I run this in cron every ten minutes on the client:

*/10 * * * * $HOME/scripts/bw.sh

To graph the results, I use the Generic Mapping Tools (GMT) package (SlackBuild available here) to plot the results. Figure 1 shows the analysis for the last two days or so:
bw
Figure 1: Bandwidth at home for a 40 hour period. Visible is the 75% bandwidth reduction from 1900 to 0000 on the 19th April.
Since I can now see exactly what the bandwidth at home is every 10 minutes, I decided to try and find out how exactly Virgin were limiting the speed. Some deft searching revealed this page, which outlines their traffic management policy. N.B. this is for areas which have received the upstream upgrade, for those that haven’t, this is the appropriate page.
Although the table is a bit opaque, it can be summarised as follows for the Large bundle:
  • Between 1000 and 1500, downloads must not exceed 3GB (600MB/hr)
  • Between 1600 and 2100, downloads must not exceed 1.5GB (300MB/hr)
  • Between 1500 and 2000, uploads must not exceed 1.5GB (300MB/hr)
The rest of the time, any amount of traffic is permitted, and no traffic management will be imposed. Traffic management is a 75% reduction in connection speed (from 10 megabits per second to 2.5 megabits per second in our case) for 5 hours. Interestingly, from 1500 every day, you get one hour to download as much as you like, and it won’t count towards your total for traffic management.
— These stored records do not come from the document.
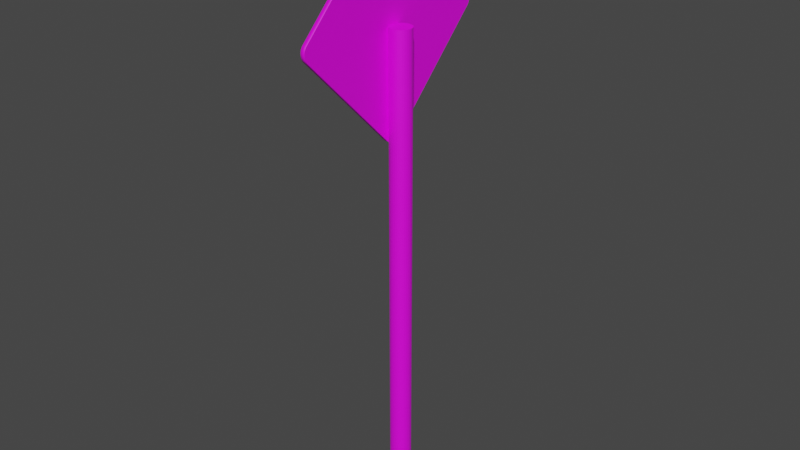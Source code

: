 # Source: priority_sign.blend  (saved by Blender 2.90.8; exported with 4.5.12 LTS)
import bpy
from mathutils import Matrix  # noqa: F401  (used for matrix-valued properties, if any)

bpy.ops.wm.read_factory_settings(use_empty=True)
scene = bpy.context.scene
scene.name = 'Scene'

# ---- collections
col_collection = bpy.data.collections.new('Collection'); scene.collection.children.link(col_collection)

# ---- images (referenced by path relative to the original .blend; pixels are not part of the script)
import os
ASSET_DIR = os.environ.get("B2B_ASSET_DIR", "")  # directory of the original .blend (textures are referenced by path, not embedded)
HERE = os.path.dirname(os.path.abspath(__file__))  # packed textures are extracted next to this script under _unpacked/

def load_image(name, relpath, width, height, colorspace="sRGB"):
    """Load a texture the original file referenced (path relative to the .blend, or extracted next to this script)."""
    p = next((c for c in (os.path.join(HERE, relpath), os.path.join(ASSET_DIR, relpath)) if relpath and os.path.exists(c)), "")
    if p:
        img = bpy.data.images.load(p, check_existing=True)
        img.name = name
    else:  # same state as the original file: an image datablock whose file is absent (Cycles renders it pink)
        img = bpy.data.images.new(name, width, height)
        img.source = "FILE"
        img.filepath = "//" + (relpath or name)
    img.colorspace_settings.name = colorspace
    return img
img_priority_png = load_image('priority.png', 'priority.png', 1024, 1024, 'sRGB')

# ---- materials (node trees are filled in below, after node groups)
mat_material_003 = bpy.data.materials.new('Material.003')
mat_material_003.use_transparent_shadow = False
mat_material_004 = bpy.data.materials.new('Material.004')
mat_material_004.use_transparent_shadow = False
mat_material_005 = bpy.data.materials.new('Material.005')
mat_material_005.use_transparent_shadow = False

# ---- material node trees
mat_material_003.use_nodes = True; mat_material_003.node_tree.nodes.clear()
_N = mat_material_003.node_tree.nodes; _L = mat_material_003.node_tree.links
n0 = _N.new('ShaderNodeBsdfPrincipled'); n0.name = 'Principled BSDF'; n0.location = (10, 300)
n0.distribution = 'GGX'
n0.subsurface_method = 'BURLEY'
n0.inputs[3].default_value = 1.45
n0.inputs[27].default_value = (0.0, 0.0, 0.0, 1.0)
n0.inputs[28].default_value = 1.0
n1 = _N.new('ShaderNodeOutputMaterial'); n1.name = 'Material Output'; n1.location = (300, 300)
n2 = _N.new('ShaderNodeTexImage'); n2.name = 'Image Texture'; n2.location = (-280, 280)
n2.image = img_priority_png
_L.new(n0.outputs[0], n1.inputs[0])
_L.new(n2.outputs[0], n0.inputs[0])
n1.is_active_output = True
mat_material_004.use_nodes = True; mat_material_004.node_tree.nodes.clear()
_N = mat_material_004.node_tree.nodes; _L = mat_material_004.node_tree.links
n0 = _N.new('ShaderNodeBsdfPrincipled'); n0.name = 'Principled BSDF'; n0.location = (10, 300)
n0.distribution = 'GGX'
n0.subsurface_method = 'BURLEY'
n0.inputs[3].default_value = 1.45
n0.inputs[27].default_value = (0.0, 0.0, 0.0, 1.0)
n0.inputs[28].default_value = 1.0
n1 = _N.new('ShaderNodeOutputMaterial'); n1.name = 'Material Output'; n1.location = (300, 300)
n2 = _N.new('ShaderNodeTexImage'); n2.name = 'Image Texture'; n2.location = (-280, 280)
n2.image = img_priority_png
_L.new(n0.outputs[0], n1.inputs[0])
_L.new(n2.outputs[0], n0.inputs[0])
n1.is_active_output = True
mat_material_005.use_nodes = True; mat_material_005.node_tree.nodes.clear()
_N = mat_material_005.node_tree.nodes; _L = mat_material_005.node_tree.links
n0 = _N.new('ShaderNodeBsdfPrincipled'); n0.name = 'Principled BSDF'; n0.location = (10, 300)
n0.distribution = 'GGX'
n0.subsurface_method = 'BURLEY'
n0.inputs[3].default_value = 1.45
n0.inputs[27].default_value = (0.0, 0.0, 0.0, 1.0)
n0.inputs[28].default_value = 1.0
n1 = _N.new('ShaderNodeOutputMaterial'); n1.name = 'Material Output'; n1.location = (300, 300)
n2 = _N.new('ShaderNodeTexImage'); n2.name = 'Image Texture'; n2.location = (-280, 280)
n2.image = img_priority_png
_L.new(n0.outputs[0], n1.inputs[0])
_L.new(n2.outputs[0], n0.inputs[0])
n1.is_active_output = True

# ---- world
world_world = bpy.data.worlds.new('World'); scene.world = world_world
world_world.use_nodes = True; world_world.node_tree.nodes.clear()
_N = world_world.node_tree.nodes; _L = world_world.node_tree.links
n0 = _N.new('ShaderNodeOutputWorld'); n0.name = 'World Output'; n0.location = (300, 300)
n1 = _N.new('ShaderNodeBackground'); n1.name = 'Background'; n1.location = (10, 300)
n1.inputs[0].default_value = (0.05088, 0.05088, 0.05088, 1.0)
_L.new(n1.outputs[0], n0.inputs[0])
n0.is_active_output = True
world_world.color = (0.05088, 0.05088, 0.05088)
world_world.use_sun_shadow = False
world_world.sun_shadow_jitter_overblur = 0.0

# ---- meshes
me_cylinder = bpy.data.meshes.new('Cylinder')
me_cylinder.from_pydata([(0.0, 1.0, -1.0), (0.0, 1.0, 1.0), (0.1951, 0.9808, -1.0), (0.1951, 0.9808, 1.0), (0.3827, 0.9239, -1.0), (0.3827, 0.9239, 1.0), (0.5556, 0.8315, -1.0), (0.5556, 0.8315, 1.0), (0.7071, 0.7071, -1.0), (0.7071, 0.7071, 1.0), (0.8315, 0.5556, -1.0), (0.8315, 0.5556, 1.0), (0.9239, 0.3827, -1.0), (0.9239, 0.3827, 1.0), (0.9808, 0.1951, -1.0), (0.9808, 0.1951, 1.0), (1.0, 7.55e-08, -1.0), (1.0, 7.55e-08, 1.0), (0.9808, -0.1951, -1.0), (0.9808, -0.1951, 1.0), (0.9239, -0.3827, -1.0), (0.9239, -0.3827, 1.0), (0.8315, -0.5556, -1.0), (0.8315, -0.5556, 1.0), (0.7071, -0.7071, -1.0), (0.7071, -0.7071, 1.0), (0.5556, -0.8315, -1.0), (0.5556, -0.8315, 1.0), (0.3827, -0.9239, -1.0), (0.3827, -0.9239, 1.0), (0.1951, -0.9808, -1.0), (0.1951, -0.9808, 1.0), (-3.258e-07, -1.0, -1.0), (-3.258e-07, -1.0, 1.0), (-0.1951, -0.9808, -1.0), (-0.1951, -0.9808, 1.0), (-0.3827, -0.9239, -1.0), (-0.3827, -0.9239, 1.0), (-0.5556, -0.8315, -1.0), (-0.5556, -0.8315, 1.0), (-0.7071, -0.7071, -1.0), (-0.7071, -0.7071, 1.0), (-0.8315, -0.5556, -1.0), (-0.8315, -0.5556, 1.0), (-0.9239, -0.3827, -1.0), (-0.9239, -0.3827, 1.0), (-0.9808, -0.1951, -1.0), (-0.9808, -0.1951, 1.0), (-1.0, 9.656e-07, -1.0), (-1.0, 9.656e-07, 1.0), (-0.9808, 0.1951, -1.0), (-0.9808, 0.1951, 1.0), (-0.9239, 0.3827, -1.0), (-0.9239, 0.3827, 1.0), (-0.8315, 0.5556, -1.0), (-0.8315, 0.5556, 1.0), (-0.7071, 0.7071, -1.0), (-0.7071, 0.7071, 1.0), (-0.5556, 0.8315, -1.0), (-0.5556, 0.8315, 1.0), (-0.3827, 0.9239, -1.0), (-0.3827, 0.9239, 1.0), (-0.1951, 0.9808, -1.0), (-0.1951, 0.9808, 1.0)], [], [(0, 1, 3, 2), (2, 3, 5, 4), (4, 5, 7, 6), (6, 7, 9, 8), (8, 9, 11, 10), (10, 11, 13, 12), (12, 13, 15, 14), (14, 15, 17, 16), (16, 17, 19, 18), (18, 19, 21, 20), (20, 21, 23, 22), (22, 23, 25, 24), (24, 25, 27, 26), (26, 27, 29, 28), (28, 29, 31, 30), (30, 31, 33, 32), (32, 33, 35, 34), (34, 35, 37, 36), (36, 37, 39, 38), (38, 39, 41, 40), (40, 41, 43, 42), (42, 43, 45, 44), (44, 45, 47, 46), (46, 47, 49, 48), (48, 49, 51, 50), (50, 51, 53, 52), (52, 53, 55, 54), (54, 55, 57, 56), (56, 57, 59, 58), (58, 59, 61, 60), (3, 1, 63, 61, 59, 57, 55, 53, 51, 49, 47, 45, 43, 41, 39, 37, 35, 33, 31, 29, 27, 25, 23, 21, 19, 17, 15, 13, 11, 9, 7, 5), (60, 61, 63, 62), (62, 63, 1, 0), (0, 2, 4, 6, 8, 10, 12, 14, 16, 18, 20, 22, 24, 26, 28, 30, 32, 34, 36, 38, 40, 42, 44, 46, 48, 50, 52, 54, 56, 58, 60, 62)])
me_cylinder.materials.append(mat_material_003)
me_cylinder.use_remesh_fix_poles = True
me_cylinder.use_remesh_preserve_attributes = False
me_cylinder.use_mirror_vertex_groups = False
me_cylinder.update()
me_path3496 = bpy.data.meshes.new('path3496')
me_path3496.from_pydata([(0.004402, -0.08339, 0.001), (0.002991, -0.08418, 0.001), (0.001623, -0.0846, 0.001), (0.0003155, -0.08473, 0.001), (-0.0009109, -0.08462, 0.001), (-0.002037, -0.08433, 0.001), (-0.003044, -0.08392, 0.001), (-0.003911, -0.08344, 0.001), (-0.004619, -0.08297, 0.001), (-0.0836, -0.003687, 0.001), (-0.0843, -0.00165, 0.001), (-0.08441, 0.0004267, 0.001), (-0.08402, 0.002424, 0.001), (-0.08272, 0.005012, 0.001), (-0.003793, 0.08345, 0.001), (-0.002709, 0.08393, 0.001), (-0.001609, 0.08422, 0.001), (0.000579, 0.08434, 0.001), (0.00265, 0.08392, 0.001), (0.003603, 0.08355, 0.001), (0.004482, 0.08309, 0.001), (0.005956, 0.08195, 0.001), (0.08191, 0.006186, 0.001), (0.08275, 0.005253, 0.001), (0.08436, 0.002235, 0.001), (0.08461, 0.001186, 0.001), (0.08464, -0.0009226, 0.001), (0.08443, -0.001965, 0.001), (0.0829, -0.004938, 0.001), (0.002991, -0.08418, -0.001), (-0.0009109, -0.08462, -0.001), (-0.003911, -0.08344, -0.001), (-0.005481, -0.08227, -0.001), (-0.083, -0.004653, -0.001), (-0.08403, -0.002681, -0.001), (-0.08442, -0.0006091, -0.001), (-0.08427, 0.001443, -0.001), (-0.08402, 0.002424, -0.001), (-0.08323, 0.004224, -0.001), (-0.003793, 0.08345, -0.001), (-0.002709, 0.08393, -0.001), (-0.001609, 0.08422, -0.001), (-0.0005077, 0.08435, -0.001), (0.000579, 0.08434, -0.001), (0.00265, 0.08392, -0.001), (0.005956, 0.08195, -0.001), (0.08191, 0.006186, -0.001), (0.08344, 0.004277, -0.001), (0.08443, -0.001965, -0.001), (0.08407, -0.002988, -0.001), (0.08356, -0.003982, -0.001), (0.004402, -0.08339, -0.001), (0.001623, -0.0846, -0.001), (0.0003155, -0.08473, -0.001), (-0.002037, -0.08433, -0.001), (-0.003044, -0.08392, -0.001), (-0.004619, -0.08297, -0.001), (-0.005481, -0.08227, 0.001), (-0.083, -0.004653, 0.001), (-0.0836, -0.003687, -0.001), (-0.08403, -0.002681, 0.001), (-0.0843, -0.00165, -0.001), (-0.08442, -0.0006091, 0.001), (-0.08441, 0.0004267, -0.001), (-0.08427, 0.001443, 0.001), (-0.08367, 0.003356, -0.001), (-0.08367, 0.003356, 0.001), (-0.08323, 0.004224, 0.001), (-0.08272, 0.005012, -0.001), (-0.08214, 0.005706, -0.001), (-0.08214, 0.005706, 0.001), (-0.004846, 0.08279, -0.001), (-0.004846, 0.08279, 0.001), (-0.0005077, 0.08435, 0.001), (0.001637, 0.08419, -0.001), (0.001637, 0.08419, 0.001), (0.003603, 0.08355, -0.001), (0.004482, 0.08309, -0.001), (0.005271, 0.08255, -0.001), (0.005271, 0.08255, 0.001), (0.08275, 0.005253, -0.001), (0.08344, 0.004277, 0.001), (0.08398, 0.003268, -0.001), (0.08398, 0.003268, 0.001), (0.08436, 0.002235, -0.001), (0.08461, 0.001186, -0.001), (0.0847, 0.0001309, -0.001), (0.0847, 0.0001309, 0.001), (0.08464, -0.0009226, -0.001), (0.08407, -0.002988, 0.001), (0.08356, -0.003982, 0.001), (0.0829, -0.004938, -0.001)], [], [(41, 42, 43, 74, 44, 76, 77, 78, 45, 46, 80, 47, 82, 84, 85, 86, 88, 48, 49, 50, 91, 51, 29, 52, 53, 30, 54, 55, 31, 56, 32, 33, 59, 34, 61, 35, 63, 36, 37, 65, 38, 68, 69, 71, 39, 40), (83, 81, 23, 22, 21, 79, 20, 19, 18, 75, 17, 73, 16, 15, 14, 72, 70, 13, 67, 66, 12, 64, 11, 62, 10, 60, 9, 58, 57, 8, 7, 6, 5, 4, 3, 2, 1, 0, 28, 90, 89, 27, 26, 87, 25, 24), (0, 1, 29, 51), (1, 2, 52, 29), (2, 3, 53, 52), (3, 4, 30, 53), (4, 5, 54, 30), (5, 6, 55, 54), (6, 7, 31, 55), (7, 8, 56, 31), (22, 23, 80, 46, 45, 78, 79, 21), (28, 0, 51, 91), (58, 9, 59, 33), (9, 60, 34, 59), (60, 10, 61, 34), (10, 62, 35, 61), (62, 11, 63, 35), (11, 64, 36, 63), (64, 12, 37, 36), (12, 66, 65, 37), (66, 67, 38, 65), (67, 13, 68, 38), (13, 70, 69, 68), (58, 33, 32, 57), (72, 14, 39, 71), (14, 15, 40, 39), (15, 16, 41, 40), (16, 73, 42, 41), (73, 17, 43, 42), (17, 75, 74, 43), (75, 18, 44, 74), (18, 19, 76, 44), (19, 20, 77, 76), (20, 79, 78, 77), (72, 71, 69, 70), (23, 81, 47, 80), (81, 83, 82, 47), (83, 24, 84, 82), (24, 25, 85, 84), (25, 87, 86, 85), (87, 26, 88, 86), (26, 27, 48, 88), (27, 89, 49, 48), (89, 90, 50, 49), (90, 28, 91, 50), (8, 57, 32, 56)])
me_path3496.polygons.foreach_set('use_smooth', [0, 0, 1, 1, 1, 1, 1, 1, 1, 1, 1, 1, 1, 1, 1, 1, 1, 1, 1, 1, 1, 1, 1, 1, 1, 1, 1, 1, 1, 1, 1, 1, 1, 1, 1, 1, 1, 1, 1, 1, 1, 1, 1, 1, 1, 1])
me_path3496.polygons.foreach_set('material_index', [0, 1, 0, 0, 0, 0, 0, 0, 0, 0, 0, 0, 0, 0, 0, 0, 0, 0, 0, 0, 0, 0, 0, 0, 0, 0, 0, 0, 0, 0, 0, 0, 0, 0, 0, 0, 0, 0, 0, 0, 0, 0, 0, 0, 0, 0])
_uv = me_path3496.uv_layers.new(name='UVMap')
_uv.uv.foreach_set('vector', [0.0, 0.0, 0.0, 0.0, 0.0, 0.0, 0.0, 0.0, 0.0, 0.0, 0.0, 0.0, 0.0, 0.0, 0.0, 0.0, 0.0, 0.0, 0.0, 0.0, 0.0, 0.0, 0.0, 0.0, 0.0, 0.0, 0.0, 0.0, 0.0, 0.0, 0.0, 0.0, 0.0, 0.0, 0.0, 0.0, 0.0, 0.0, 0.0, 0.0, 0.0, 0.0, 0.0, 0.0, 0.0, 0.0, 0.0, 0.0, 0.0, 0.0, 0.0, 0.0, 0.0, 0.0, 0.0, 0.0, 0.0, 0.0, 0.0, 0.0, 0.0, 0.0, 0.0, 0.0, 0.0, 0.0, 0.0, 0.0, 0.0, 0.0, 0.0, 0.0, 0.0, 0.0, 0.0, 0.0, 0.0, 0.0, 0.0, 0.0, 0.0, 0.0, 0.0, 0.0, 0.0, 0.0, 0.0, 0.0, 0.0, 0.0, 0.0, 0.0, 0.9975, 0.2598, 0.9959, 0.2628, 0.9938, 0.2656, 0.9914, 0.2684, 0.7674, 0.4917, 0.7654, 0.4934, 0.763, 0.495, 0.7604, 0.4964, 0.7576, 0.4975, 0.7546, 0.4983, 0.7515, 0.4987, 0.7483, 0.4988, 0.7451, 0.4984, 0.7418, 0.4975, 0.7386, 0.4961, 0.7355, 0.4941, 0.5078, 0.2668, 0.506, 0.2648, 0.5045, 0.2624, 0.5032, 0.2599, 0.5022, 0.2571, 0.5015, 0.2542, 0.5011, 0.2513, 0.501, 0.2482, 0.5014, 0.2451, 0.5022, 0.2421, 0.5035, 0.2391, 0.5052, 0.2363, 0.7338, 0.007524, 0.7364, 0.00546, 0.7385, 0.004074, 0.741, 0.002687, 0.744, 0.001476, 0.7473, 0.0006184, 0.7509, 0.0002898, 0.7548, 0.0006673, 0.7588, 0.001928, 0.763, 0.004247, 0.9943, 0.2356, 0.9963, 0.2384, 0.9977, 0.2413, 0.9988, 0.2444, 0.9994, 0.2474, 0.9996, 0.2505, 0.9993, 0.2537, 0.9986, 0.2567, 0.0, 0.0, 0.0, 0.0, 0.0, 0.0, 0.0, 0.0, 0.0, 0.0, 0.0, 0.0, 0.0, 0.0, 0.0, 0.0, 0.0, 0.0, 0.0, 0.0, 0.0, 0.0, 0.0, 0.0, 0.0, 0.0, 0.0, 0.0, 0.0, 0.0, 0.0, 0.0, 0.0, 0.0, 0.0, 0.0, 0.0, 0.0, 0.0, 0.0, 0.0, 0.0, 0.0, 0.0, 0.0, 0.0, 0.0, 0.0, 0.0, 0.0, 0.0, 0.0, 0.0, 0.0, 0.0, 0.0, 0.0, 0.0, 0.0, 0.0, 0.0, 0.0, 0.0, 0.0, 0.0, 0.0, 0.0, 0.0, 0.0, 0.0, 0.0, 0.0, 0.0, 0.0, 0.0, 0.0, 0.0, 0.0, 0.0, 0.0, 0.0, 0.0, 0.0, 0.0, 0.0, 0.0, 0.0, 0.0, 0.0, 0.0, 0.0, 0.0, 0.0, 0.0, 0.0, 0.0, 0.0, 0.0, 0.0, 0.0, 0.0, 0.0, 0.0, 0.0, 0.0, 0.0, 0.0, 0.0, 0.0, 0.0, 0.0, 0.0, 0.0, 0.0, 0.0, 0.0, 0.0, 0.0, 0.0, 0.0, 0.0, 0.0, 0.0, 0.0, 0.0, 0.0, 0.0, 0.0, 0.0, 0.0, 0.0, 0.0, 0.0, 0.0, 0.0, 0.0, 0.0, 0.0, 0.0, 0.0, 0.0, 0.0, 0.0, 0.0, 0.0, 0.0, 0.0, 0.0, 0.0, 0.0, 0.0, 0.0, 0.0, 0.0, 0.0, 0.0, 0.0, 0.0, 0.0, 0.0, 0.0, 0.0, 0.0, 0.0, 0.0, 0.0, 0.0, 0.0, 0.0, 0.0, 0.0, 0.0, 0.0, 0.0, 0.0, 0.0, 0.0, 0.0, 0.0, 0.0, 0.0, 0.0, 0.0, 0.0, 0.0, 0.0, 0.0, 0.0, 0.0, 0.0, 0.0, 0.0, 0.0, 0.0, 0.0, 0.0, 0.0, 0.0, 0.0, 0.0, 0.0, 0.0, 0.0, 0.0, 0.0, 0.0, 0.0, 0.0, 0.0, 0.0, 0.0, 0.0, 0.0, 0.0, 0.0, 0.0, 0.0, 0.0, 0.0, 0.0, 0.0, 0.0, 0.0, 0.0, 0.0, 0.0, 0.0, 0.0, 0.0, 0.0, 0.0, 0.0, 0.0, 0.0, 0.0, 0.0, 0.0, 0.0, 0.0, 0.0, 0.0, 0.0, 0.0, 0.0, 0.0, 0.0, 0.0, 0.0, 0.0, 0.0, 0.0, 0.0, 0.0, 0.0, 0.0, 0.0, 0.0, 0.0, 0.0, 0.0, 0.0, 0.0, 0.0, 0.0, 0.0, 0.0, 0.0, 0.0, 0.0, 0.0, 0.0, 0.0, 0.0, 0.0, 0.0, 0.0, 0.0, 0.0, 0.0, 0.0, 0.0, 0.0, 0.0, 0.0, 0.0, 0.0, 0.0, 0.0, 0.0, 0.0, 0.0, 0.0, 0.0, 0.0, 0.0, 0.0, 0.0, 0.0, 0.0, 0.0, 0.0, 0.0, 0.0, 0.0, 0.0, 0.0, 0.0, 0.0, 0.0, 0.0, 0.0, 0.0, 0.0, 0.0, 0.0, 0.0, 0.0, 0.0, 0.0, 0.0, 0.0, 0.0, 0.0, 0.0, 0.0, 0.0, 0.0, 0.0, 0.0, 0.0, 0.0, 0.0, 0.0, 0.0, 0.0, 0.0, 0.0, 0.0, 0.0, 0.0, 0.0, 0.0, 0.0, 0.0, 0.0, 0.0, 0.0, 0.0, 0.0, 0.0, 0.0, 0.0, 0.0, 0.0, 0.0, 0.0, 0.0, 0.0, 0.0, 0.0])
me_path3496.materials.append(mat_material_004)
me_path3496.materials.append(mat_material_005)
me_path3496.use_remesh_fix_poles = True
me_path3496.use_remesh_preserve_attributes = False
me_path3496.use_mirror_vertex_groups = False
me_path3496.update()

# ---- objects
ob_cylinder = bpy.data.objects.new('Cylinder', me_cylinder)
ob_path3496 = bpy.data.objects.new('path3496', me_path3496)

# ---- transforms, parenting, visibility, modifiers, constraints
ob_cylinder.location = (0.0, 0.0, 0.1125)
ob_cylinder.scale = (0.005, 0.005, 0.1125)
ob_cylinder.lineart.crease_threshold = 0.0
ob_path3496.location = (-0.005, 0.0, 0.225)
ob_path3496.rotation_euler = (-3.142, 1.571, 0.0)
ob_path3496.scale = (0.5913, 0.5914, 1.0)
ob_path3496.lineart.crease_threshold = 0.0

# ---- collection membership
col_collection.objects.link(ob_cylinder)
col_collection.objects.link(ob_path3496)

# ---- scene / render settings (as saved in the file)
scene.frame_start = 1; scene.frame_end = 250; scene.frame_set(1)
scene.render.engine = 'BLENDER_EEVEE_NEXT'
scene.cycles.use_denoising = False
scene.cycles.samples = 128
scene.cycles.sampling_pattern = 'TABULATED_SOBOL'
scene.cycles.use_adaptive_sampling = False
scene.cycles.use_light_tree = False
scene.view_settings.view_transform = 'Filmic'
bpy.context.view_layer.update()

# ---- added for rendering (the .blend has no active camera and no usable light): camera, sun
cam_auto = bpy.data.cameras.new('AutoCamera')
cam_auto.lens = 50.0
cam_auto.sensor_width = 36.0
cam_auto.clip_end = 1000.0
ob_auto_camera = bpy.data.objects.new('AutoCamera', cam_auto)
scene.collection.objects.link(ob_auto_camera)
ob_auto_camera.location = (0.270357, -0.324918, 0.354145)
ob_auto_camera.rotation_euler = (1.09748, -7.21219e-08, 0.694738)
scene.camera = ob_auto_camera
light_auto_sun = bpy.data.lights.new('AutoSun', 'SUN')
light_auto_sun.energy = 3.0
light_auto_sun.angle = 0.0523599
ob_auto_sun = bpy.data.objects.new('AutoSun', light_auto_sun)
scene.collection.objects.link(ob_auto_sun)
ob_auto_sun.rotation_euler = (0.872665, 0.174533, 0.523599)
bpy.context.view_layer.update()

Comparing the bandwidth in Figure 1 and this traffic management information, we were traffic managed on the 19th April between 1900 and midnight. However, I have to say, you get what you pay for the rest of the time: Virgin’s Large bundle (10 megabit line) really is very close to 10 megabits per second most of the time (generally around 9.8 megbits per second).

I do have a script running which backs up my server to my computer at work (when it’s on), but it does incremental backups, and those are scheduled to run at 0440 i.e. in the middle of the night, when there’s no limit on traffic.

Between 1500 and 2100 I don’t consider us to be a particularly vociferous household when it comes to consumption of material online, yet we still fall into the “very small proportion of customers who are downloading and/or uploading an unusually high amount“. There’s only two of us, and we don’t watch iPlayer very often. We might watch a video every now and then online, but we’re certainly not downloading 600MB of content every hour for five hours straight.